▶ Work required:
Taking the entries below from the top, restate each line exactly and end with the line containing "sys_d2 = c2d(sys_c2,Tm)".

*** Data supplied ***

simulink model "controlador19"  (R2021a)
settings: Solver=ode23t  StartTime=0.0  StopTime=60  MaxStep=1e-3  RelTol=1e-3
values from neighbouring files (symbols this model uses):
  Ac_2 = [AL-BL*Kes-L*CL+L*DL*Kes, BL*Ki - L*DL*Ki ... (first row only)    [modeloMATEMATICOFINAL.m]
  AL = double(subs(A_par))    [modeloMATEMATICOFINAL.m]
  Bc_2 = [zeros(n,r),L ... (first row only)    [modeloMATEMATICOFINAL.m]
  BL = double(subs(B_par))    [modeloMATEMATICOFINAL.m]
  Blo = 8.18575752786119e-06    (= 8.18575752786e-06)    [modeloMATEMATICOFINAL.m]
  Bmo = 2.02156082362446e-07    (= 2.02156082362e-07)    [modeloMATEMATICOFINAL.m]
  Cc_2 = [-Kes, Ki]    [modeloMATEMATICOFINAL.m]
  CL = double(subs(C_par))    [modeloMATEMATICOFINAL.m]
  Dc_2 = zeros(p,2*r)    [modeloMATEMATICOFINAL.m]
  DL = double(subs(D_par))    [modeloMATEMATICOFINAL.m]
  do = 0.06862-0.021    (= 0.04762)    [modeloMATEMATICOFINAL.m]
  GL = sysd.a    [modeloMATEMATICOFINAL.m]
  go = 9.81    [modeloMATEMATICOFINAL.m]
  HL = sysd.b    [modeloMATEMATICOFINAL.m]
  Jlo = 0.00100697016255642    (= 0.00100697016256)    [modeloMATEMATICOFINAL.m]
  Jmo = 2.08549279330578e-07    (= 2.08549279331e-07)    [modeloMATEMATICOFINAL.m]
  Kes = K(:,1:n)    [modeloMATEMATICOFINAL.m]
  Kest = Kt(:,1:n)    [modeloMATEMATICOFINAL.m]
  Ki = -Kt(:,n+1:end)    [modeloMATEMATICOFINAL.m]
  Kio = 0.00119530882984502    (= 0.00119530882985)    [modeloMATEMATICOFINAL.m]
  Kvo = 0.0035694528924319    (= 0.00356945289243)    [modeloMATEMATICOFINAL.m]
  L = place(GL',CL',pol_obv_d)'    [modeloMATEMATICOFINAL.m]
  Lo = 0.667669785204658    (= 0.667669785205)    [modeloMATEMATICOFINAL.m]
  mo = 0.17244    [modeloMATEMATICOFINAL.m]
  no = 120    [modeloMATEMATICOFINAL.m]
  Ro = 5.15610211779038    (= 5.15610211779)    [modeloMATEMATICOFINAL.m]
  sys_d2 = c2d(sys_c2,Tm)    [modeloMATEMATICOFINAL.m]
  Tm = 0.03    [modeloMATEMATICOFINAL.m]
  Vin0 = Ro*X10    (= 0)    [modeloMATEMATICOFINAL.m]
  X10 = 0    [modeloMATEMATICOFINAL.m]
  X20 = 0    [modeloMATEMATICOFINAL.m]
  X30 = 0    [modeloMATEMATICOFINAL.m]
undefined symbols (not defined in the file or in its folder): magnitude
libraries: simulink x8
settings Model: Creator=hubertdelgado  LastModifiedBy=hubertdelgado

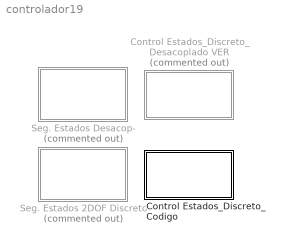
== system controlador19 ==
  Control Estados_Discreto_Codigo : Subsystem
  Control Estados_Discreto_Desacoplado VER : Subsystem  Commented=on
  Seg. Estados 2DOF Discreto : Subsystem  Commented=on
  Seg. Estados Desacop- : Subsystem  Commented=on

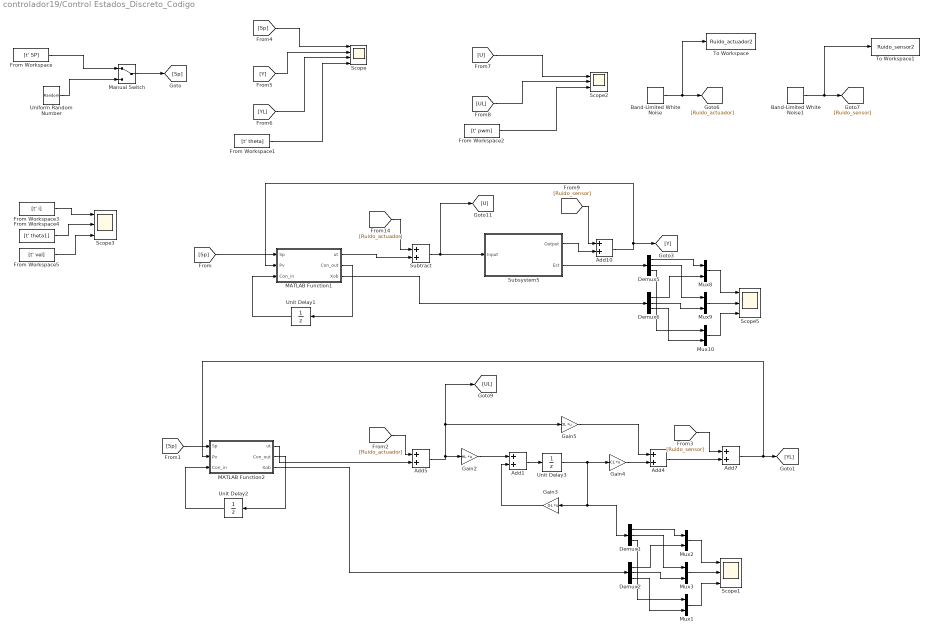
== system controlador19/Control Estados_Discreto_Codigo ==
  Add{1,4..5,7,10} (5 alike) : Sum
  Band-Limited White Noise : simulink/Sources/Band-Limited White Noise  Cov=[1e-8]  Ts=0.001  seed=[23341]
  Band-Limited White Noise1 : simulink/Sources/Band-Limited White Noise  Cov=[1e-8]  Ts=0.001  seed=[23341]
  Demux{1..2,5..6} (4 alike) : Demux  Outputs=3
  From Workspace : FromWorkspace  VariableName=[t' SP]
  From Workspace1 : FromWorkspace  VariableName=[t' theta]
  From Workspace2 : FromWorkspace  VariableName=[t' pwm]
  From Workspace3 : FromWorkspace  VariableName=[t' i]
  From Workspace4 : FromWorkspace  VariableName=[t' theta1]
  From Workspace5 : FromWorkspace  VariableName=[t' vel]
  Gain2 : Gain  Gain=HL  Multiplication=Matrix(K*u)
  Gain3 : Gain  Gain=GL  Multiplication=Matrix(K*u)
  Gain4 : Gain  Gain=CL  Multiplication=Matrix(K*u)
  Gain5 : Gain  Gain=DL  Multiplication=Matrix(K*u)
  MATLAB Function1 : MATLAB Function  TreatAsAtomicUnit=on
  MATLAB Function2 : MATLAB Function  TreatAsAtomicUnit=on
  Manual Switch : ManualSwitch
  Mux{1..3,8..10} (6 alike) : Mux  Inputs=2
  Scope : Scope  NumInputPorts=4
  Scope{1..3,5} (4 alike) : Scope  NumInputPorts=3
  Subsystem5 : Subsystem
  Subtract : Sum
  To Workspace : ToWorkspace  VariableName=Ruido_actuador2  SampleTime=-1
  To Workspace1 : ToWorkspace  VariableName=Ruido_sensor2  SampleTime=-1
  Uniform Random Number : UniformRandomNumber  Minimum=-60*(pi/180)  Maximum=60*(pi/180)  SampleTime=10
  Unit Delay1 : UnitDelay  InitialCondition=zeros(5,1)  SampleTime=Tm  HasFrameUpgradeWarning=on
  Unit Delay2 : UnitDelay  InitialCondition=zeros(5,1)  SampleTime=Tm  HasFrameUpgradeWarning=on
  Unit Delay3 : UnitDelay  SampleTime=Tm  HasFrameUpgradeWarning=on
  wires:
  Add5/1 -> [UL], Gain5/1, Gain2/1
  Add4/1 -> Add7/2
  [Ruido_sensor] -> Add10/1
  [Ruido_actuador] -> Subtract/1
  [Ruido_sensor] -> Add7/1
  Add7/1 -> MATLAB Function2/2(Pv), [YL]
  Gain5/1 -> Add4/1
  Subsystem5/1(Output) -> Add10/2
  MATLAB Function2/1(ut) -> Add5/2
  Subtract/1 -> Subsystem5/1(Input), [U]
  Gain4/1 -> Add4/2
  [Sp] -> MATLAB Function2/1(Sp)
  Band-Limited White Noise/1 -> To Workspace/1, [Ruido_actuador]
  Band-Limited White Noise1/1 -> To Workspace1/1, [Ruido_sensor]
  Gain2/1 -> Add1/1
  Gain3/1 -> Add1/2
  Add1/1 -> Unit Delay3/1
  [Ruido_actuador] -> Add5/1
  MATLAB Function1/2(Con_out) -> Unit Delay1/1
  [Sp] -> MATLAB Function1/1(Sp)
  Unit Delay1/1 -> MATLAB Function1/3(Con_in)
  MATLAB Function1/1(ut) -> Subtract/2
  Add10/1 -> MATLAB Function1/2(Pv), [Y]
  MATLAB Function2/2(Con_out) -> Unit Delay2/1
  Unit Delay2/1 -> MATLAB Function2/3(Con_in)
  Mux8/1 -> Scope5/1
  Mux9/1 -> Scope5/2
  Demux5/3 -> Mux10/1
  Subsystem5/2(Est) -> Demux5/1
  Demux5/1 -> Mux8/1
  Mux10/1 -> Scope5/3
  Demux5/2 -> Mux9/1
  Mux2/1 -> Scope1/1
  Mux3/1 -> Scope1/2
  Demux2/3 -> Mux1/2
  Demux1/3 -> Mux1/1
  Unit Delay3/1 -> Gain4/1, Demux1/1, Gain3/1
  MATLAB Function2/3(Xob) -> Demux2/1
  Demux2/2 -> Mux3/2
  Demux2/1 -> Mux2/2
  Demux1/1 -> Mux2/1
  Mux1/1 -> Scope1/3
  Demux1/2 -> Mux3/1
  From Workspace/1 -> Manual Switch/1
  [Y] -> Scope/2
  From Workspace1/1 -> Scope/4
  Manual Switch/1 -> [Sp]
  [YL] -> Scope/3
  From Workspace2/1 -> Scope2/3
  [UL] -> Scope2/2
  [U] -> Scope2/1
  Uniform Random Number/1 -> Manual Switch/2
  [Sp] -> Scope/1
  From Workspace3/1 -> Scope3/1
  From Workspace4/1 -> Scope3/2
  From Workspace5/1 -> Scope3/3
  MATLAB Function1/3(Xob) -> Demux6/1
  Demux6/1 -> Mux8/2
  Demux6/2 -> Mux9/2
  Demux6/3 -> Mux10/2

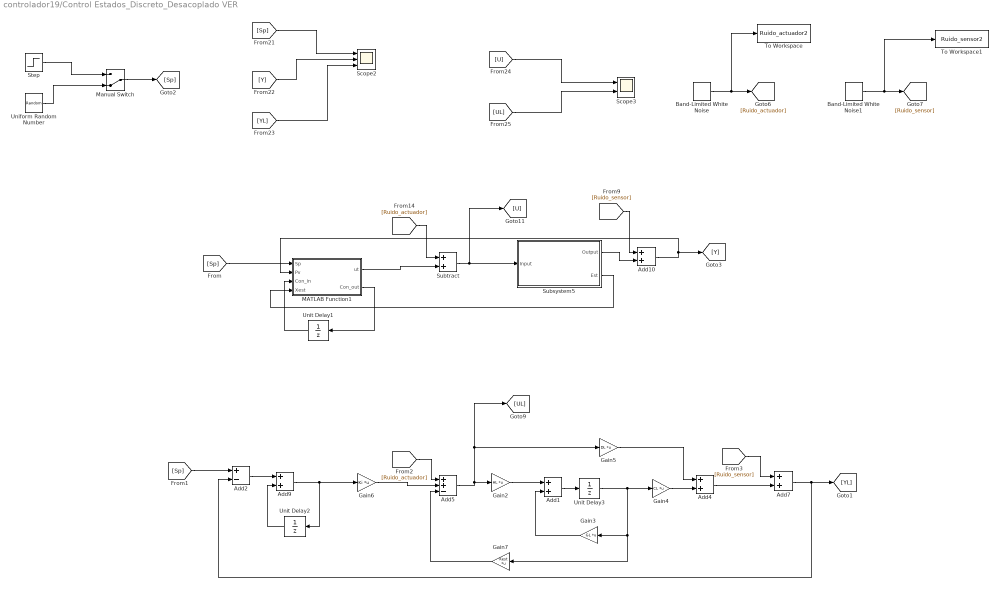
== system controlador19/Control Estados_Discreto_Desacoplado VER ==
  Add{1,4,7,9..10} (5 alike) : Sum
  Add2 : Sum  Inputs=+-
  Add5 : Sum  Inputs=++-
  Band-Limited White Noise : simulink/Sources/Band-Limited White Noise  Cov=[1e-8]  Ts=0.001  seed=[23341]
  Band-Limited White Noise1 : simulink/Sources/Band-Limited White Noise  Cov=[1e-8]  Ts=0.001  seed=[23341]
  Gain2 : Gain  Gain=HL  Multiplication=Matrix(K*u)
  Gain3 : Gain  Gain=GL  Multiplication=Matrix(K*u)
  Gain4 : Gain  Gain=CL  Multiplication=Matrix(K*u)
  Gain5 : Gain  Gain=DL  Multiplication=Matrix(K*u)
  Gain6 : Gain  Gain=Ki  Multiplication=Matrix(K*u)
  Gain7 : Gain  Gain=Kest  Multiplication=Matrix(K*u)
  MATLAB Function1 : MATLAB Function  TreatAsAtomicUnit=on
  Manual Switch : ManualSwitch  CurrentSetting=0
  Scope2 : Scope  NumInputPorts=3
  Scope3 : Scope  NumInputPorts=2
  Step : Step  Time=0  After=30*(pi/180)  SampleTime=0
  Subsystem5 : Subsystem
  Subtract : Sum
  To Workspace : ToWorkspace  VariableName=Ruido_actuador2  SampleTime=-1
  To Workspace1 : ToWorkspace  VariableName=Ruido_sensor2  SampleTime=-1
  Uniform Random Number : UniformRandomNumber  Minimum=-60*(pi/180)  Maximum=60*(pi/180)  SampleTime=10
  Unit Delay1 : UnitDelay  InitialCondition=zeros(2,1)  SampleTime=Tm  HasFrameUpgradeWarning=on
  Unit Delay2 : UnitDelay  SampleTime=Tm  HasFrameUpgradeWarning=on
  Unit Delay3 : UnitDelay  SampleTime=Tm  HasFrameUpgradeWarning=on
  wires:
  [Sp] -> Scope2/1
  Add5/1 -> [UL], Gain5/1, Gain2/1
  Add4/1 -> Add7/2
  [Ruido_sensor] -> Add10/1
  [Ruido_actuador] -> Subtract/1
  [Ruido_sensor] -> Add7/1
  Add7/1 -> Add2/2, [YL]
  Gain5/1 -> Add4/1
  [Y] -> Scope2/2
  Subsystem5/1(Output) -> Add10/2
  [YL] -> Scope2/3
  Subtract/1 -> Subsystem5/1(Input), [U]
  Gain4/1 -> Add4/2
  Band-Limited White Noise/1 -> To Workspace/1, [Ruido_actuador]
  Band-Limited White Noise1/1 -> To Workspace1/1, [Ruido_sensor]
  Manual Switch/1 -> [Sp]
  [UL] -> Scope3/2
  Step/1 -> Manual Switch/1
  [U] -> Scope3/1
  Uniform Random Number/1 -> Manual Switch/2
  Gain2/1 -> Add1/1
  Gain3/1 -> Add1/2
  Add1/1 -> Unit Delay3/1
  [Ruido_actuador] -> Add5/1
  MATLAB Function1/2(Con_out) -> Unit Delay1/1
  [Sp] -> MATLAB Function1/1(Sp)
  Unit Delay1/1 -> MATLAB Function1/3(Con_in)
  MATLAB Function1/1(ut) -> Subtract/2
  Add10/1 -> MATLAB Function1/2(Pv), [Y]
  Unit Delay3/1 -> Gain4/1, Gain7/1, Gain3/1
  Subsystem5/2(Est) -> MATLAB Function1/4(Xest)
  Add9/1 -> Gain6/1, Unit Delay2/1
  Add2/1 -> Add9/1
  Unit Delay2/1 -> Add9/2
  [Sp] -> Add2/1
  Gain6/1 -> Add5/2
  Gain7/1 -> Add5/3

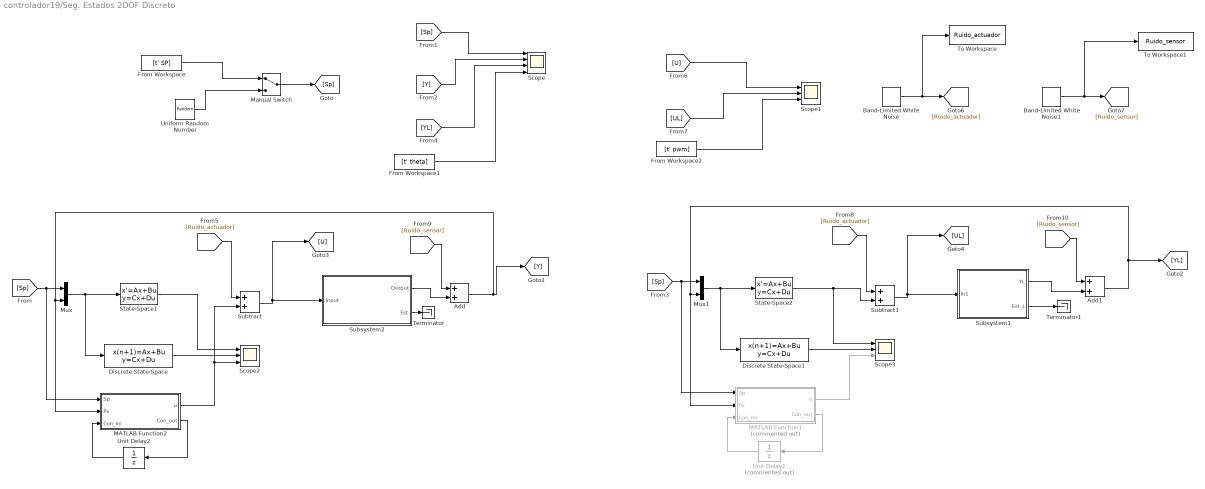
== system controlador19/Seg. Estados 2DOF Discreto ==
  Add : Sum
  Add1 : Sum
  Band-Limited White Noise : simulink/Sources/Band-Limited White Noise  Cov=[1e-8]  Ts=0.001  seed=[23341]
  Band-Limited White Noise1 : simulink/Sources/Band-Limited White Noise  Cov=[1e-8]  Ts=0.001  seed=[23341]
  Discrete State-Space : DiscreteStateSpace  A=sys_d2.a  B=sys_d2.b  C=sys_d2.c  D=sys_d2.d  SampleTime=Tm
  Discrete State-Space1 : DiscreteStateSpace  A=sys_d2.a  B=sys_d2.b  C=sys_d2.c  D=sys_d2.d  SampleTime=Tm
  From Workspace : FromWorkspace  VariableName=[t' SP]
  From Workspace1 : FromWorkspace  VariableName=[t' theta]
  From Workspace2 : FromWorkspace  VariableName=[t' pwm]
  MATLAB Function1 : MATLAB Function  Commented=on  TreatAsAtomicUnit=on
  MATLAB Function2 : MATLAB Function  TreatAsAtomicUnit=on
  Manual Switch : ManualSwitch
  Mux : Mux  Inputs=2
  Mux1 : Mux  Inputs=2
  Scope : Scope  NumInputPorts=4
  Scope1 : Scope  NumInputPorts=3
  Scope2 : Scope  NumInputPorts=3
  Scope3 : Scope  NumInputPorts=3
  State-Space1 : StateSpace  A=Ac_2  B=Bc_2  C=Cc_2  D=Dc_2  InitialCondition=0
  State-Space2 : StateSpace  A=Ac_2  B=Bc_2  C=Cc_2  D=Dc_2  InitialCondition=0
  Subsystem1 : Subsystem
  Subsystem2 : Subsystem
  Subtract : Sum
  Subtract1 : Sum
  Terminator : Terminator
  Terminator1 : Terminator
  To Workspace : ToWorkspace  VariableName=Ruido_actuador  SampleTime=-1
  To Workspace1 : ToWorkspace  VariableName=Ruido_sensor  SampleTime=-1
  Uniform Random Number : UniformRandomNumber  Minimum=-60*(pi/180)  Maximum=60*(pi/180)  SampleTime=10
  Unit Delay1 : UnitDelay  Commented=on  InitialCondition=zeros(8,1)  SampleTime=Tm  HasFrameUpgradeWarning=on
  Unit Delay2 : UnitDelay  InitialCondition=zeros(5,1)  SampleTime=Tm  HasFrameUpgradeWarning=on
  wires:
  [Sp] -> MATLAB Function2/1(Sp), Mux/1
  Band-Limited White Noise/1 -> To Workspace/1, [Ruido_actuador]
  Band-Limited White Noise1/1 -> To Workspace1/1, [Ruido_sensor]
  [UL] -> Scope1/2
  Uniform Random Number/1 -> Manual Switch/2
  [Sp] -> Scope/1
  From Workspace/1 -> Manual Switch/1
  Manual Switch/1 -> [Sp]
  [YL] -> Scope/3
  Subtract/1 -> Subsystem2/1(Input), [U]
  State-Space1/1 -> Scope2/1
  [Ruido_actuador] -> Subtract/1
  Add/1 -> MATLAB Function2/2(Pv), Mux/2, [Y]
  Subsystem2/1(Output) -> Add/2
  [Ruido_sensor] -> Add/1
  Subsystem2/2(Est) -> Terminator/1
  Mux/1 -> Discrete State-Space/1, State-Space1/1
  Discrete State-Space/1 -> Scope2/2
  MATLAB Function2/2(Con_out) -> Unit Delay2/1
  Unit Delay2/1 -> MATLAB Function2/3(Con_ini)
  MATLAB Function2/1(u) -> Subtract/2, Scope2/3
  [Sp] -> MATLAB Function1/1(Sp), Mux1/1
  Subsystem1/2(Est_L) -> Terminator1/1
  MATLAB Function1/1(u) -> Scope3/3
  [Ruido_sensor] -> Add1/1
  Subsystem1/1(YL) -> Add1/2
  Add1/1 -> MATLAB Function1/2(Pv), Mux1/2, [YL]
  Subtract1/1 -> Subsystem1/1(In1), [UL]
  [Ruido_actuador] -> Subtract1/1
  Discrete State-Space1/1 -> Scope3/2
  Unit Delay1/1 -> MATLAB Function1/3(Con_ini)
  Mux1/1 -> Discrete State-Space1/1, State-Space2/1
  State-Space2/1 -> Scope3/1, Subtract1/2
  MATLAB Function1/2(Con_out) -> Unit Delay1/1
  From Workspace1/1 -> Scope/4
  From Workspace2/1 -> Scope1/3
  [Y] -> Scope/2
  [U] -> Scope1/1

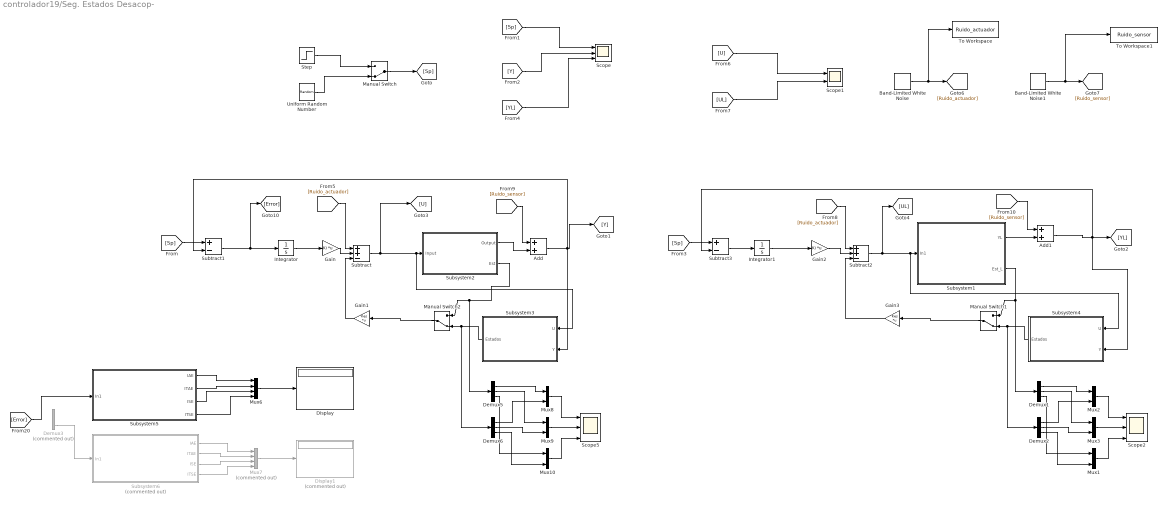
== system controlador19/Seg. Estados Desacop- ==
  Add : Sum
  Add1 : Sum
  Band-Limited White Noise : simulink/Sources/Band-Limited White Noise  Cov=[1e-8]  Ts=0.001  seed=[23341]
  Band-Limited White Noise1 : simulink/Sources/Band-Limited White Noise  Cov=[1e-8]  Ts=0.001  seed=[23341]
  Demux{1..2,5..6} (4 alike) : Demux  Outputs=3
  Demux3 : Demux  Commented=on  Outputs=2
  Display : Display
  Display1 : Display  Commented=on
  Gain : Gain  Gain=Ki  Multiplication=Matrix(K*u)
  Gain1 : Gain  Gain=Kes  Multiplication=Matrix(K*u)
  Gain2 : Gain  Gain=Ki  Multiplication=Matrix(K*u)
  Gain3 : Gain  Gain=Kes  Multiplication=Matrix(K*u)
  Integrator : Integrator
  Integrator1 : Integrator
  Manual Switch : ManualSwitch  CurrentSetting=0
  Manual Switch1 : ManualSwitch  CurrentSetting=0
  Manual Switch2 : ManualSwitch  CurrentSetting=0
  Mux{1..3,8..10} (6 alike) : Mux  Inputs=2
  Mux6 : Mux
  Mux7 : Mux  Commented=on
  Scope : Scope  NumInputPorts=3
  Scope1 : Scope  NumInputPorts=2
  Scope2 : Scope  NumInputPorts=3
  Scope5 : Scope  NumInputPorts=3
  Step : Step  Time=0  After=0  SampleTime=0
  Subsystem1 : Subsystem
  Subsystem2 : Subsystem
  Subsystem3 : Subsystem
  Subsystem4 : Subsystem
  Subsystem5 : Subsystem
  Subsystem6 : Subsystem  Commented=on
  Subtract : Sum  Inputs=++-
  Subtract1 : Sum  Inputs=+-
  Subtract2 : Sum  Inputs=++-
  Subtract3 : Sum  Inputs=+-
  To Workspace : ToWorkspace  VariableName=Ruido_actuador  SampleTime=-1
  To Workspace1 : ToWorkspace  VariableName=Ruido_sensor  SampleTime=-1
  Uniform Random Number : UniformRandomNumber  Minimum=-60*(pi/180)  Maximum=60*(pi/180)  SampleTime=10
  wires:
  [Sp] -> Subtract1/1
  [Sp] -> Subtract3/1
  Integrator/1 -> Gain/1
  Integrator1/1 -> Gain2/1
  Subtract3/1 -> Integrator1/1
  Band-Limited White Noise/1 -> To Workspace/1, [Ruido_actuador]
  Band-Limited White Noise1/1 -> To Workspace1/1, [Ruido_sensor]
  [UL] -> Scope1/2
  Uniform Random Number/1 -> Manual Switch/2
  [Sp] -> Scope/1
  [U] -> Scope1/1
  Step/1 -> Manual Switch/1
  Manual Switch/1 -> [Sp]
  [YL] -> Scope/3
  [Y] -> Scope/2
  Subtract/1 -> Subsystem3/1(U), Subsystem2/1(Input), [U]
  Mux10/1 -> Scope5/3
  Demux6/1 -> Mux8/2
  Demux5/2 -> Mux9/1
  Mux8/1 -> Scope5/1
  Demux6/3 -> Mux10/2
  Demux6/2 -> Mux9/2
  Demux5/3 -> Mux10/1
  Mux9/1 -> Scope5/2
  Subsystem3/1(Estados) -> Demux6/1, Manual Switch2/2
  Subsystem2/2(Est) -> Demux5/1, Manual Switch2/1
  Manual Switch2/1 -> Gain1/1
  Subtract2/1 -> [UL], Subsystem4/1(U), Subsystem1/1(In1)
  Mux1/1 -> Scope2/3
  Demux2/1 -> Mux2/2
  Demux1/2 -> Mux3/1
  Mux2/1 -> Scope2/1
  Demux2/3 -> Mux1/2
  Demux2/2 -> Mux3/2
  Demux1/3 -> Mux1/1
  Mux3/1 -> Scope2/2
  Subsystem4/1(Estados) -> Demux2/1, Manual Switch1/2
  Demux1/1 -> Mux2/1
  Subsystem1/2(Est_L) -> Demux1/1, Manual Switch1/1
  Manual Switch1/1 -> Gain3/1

***

▶ Response:
simulink model "controlador19"  (R2021a)
settings: Solver=ode23t  StartTime=0.0  StopTime=60  MaxStep=1e-3  RelTol=1e-3
values from neighbouring files (symbols this model uses):
  Ac_2 = [AL-BL*Kes-L*CL+L*DL*Kes, BL*Ki - L*DL*Ki ... (first row only)    [modeloMATEMATICOFINAL.m]
  AL = double(subs(A_par))    [modeloMATEMATICOFINAL.m]
  Bc_2 = [zeros(n,r),L ... (first row only)    [modeloMATEMATICOFINAL.m]
  BL = double(subs(B_par))    [modeloMATEMATICOFINAL.m]
  Blo = 8.18575752786119e-06    (= 8.18575752786e-06)    [modeloMATEMATICOFINAL.m]
  Bmo = 2.02156082362446e-07    (= 2.02156082362e-07)    [modeloMATEMATICOFINAL.m]
  Cc_2 = [-Kes, Ki]    [modeloMATEMATICOFINAL.m]
  CL = double(subs(C_par))    [modeloMATEMATICOFINAL.m]
  Dc_2 = zeros(p,2*r)    [modeloMATEMATICOFINAL.m]
  DL = double(subs(D_par))    [modeloMATEMATICOFINAL.m]
  do = 0.06862-0.021    (= 0.04762)    [modeloMATEMATICOFINAL.m]
  GL = sysd.a    [modeloMATEMATICOFINAL.m]
  go = 9.81    [modeloMATEMATICOFINAL.m]
  HL = sysd.b    [modeloMATEMATICOFINAL.m]
  Jlo = 0.00100697016255642    (= 0.00100697016256)    [modeloMATEMATICOFINAL.m]
  Jmo = 2.08549279330578e-07    (= 2.08549279331e-07)    [modeloMATEMATICOFINAL.m]
  Kes = K(:,1:n)    [modeloMATEMATICOFINAL.m]
  Kest = Kt(:,1:n)    [modeloMATEMATICOFINAL.m]
  Ki = -Kt(:,n+1:end)    [modeloMATEMATICOFINAL.m]
  Kio = 0.00119530882984502    (= 0.00119530882985)    [modeloMATEMATICOFINAL.m]
  Kvo = 0.0035694528924319    (= 0.00356945289243)    [modeloMATEMATICOFINAL.m]
  L = place(GL',CL',pol_obv_d)'    [modeloMATEMATICOFINAL.m]
  Lo = 0.667669785204658    (= 0.667669785205)    [modeloMATEMATICOFINAL.m]
  mo = 0.17244    [modeloMATEMATICOFINAL.m]
  no = 120    [modeloMATEMATICOFINAL.m]
  Ro = 5.15610211779038    (= 5.15610211779)    [modeloMATEMATICOFINAL.m]
  sys_d2 = c2d(sys_c2,Tm)    [modeloMATEMATICOFINAL.m]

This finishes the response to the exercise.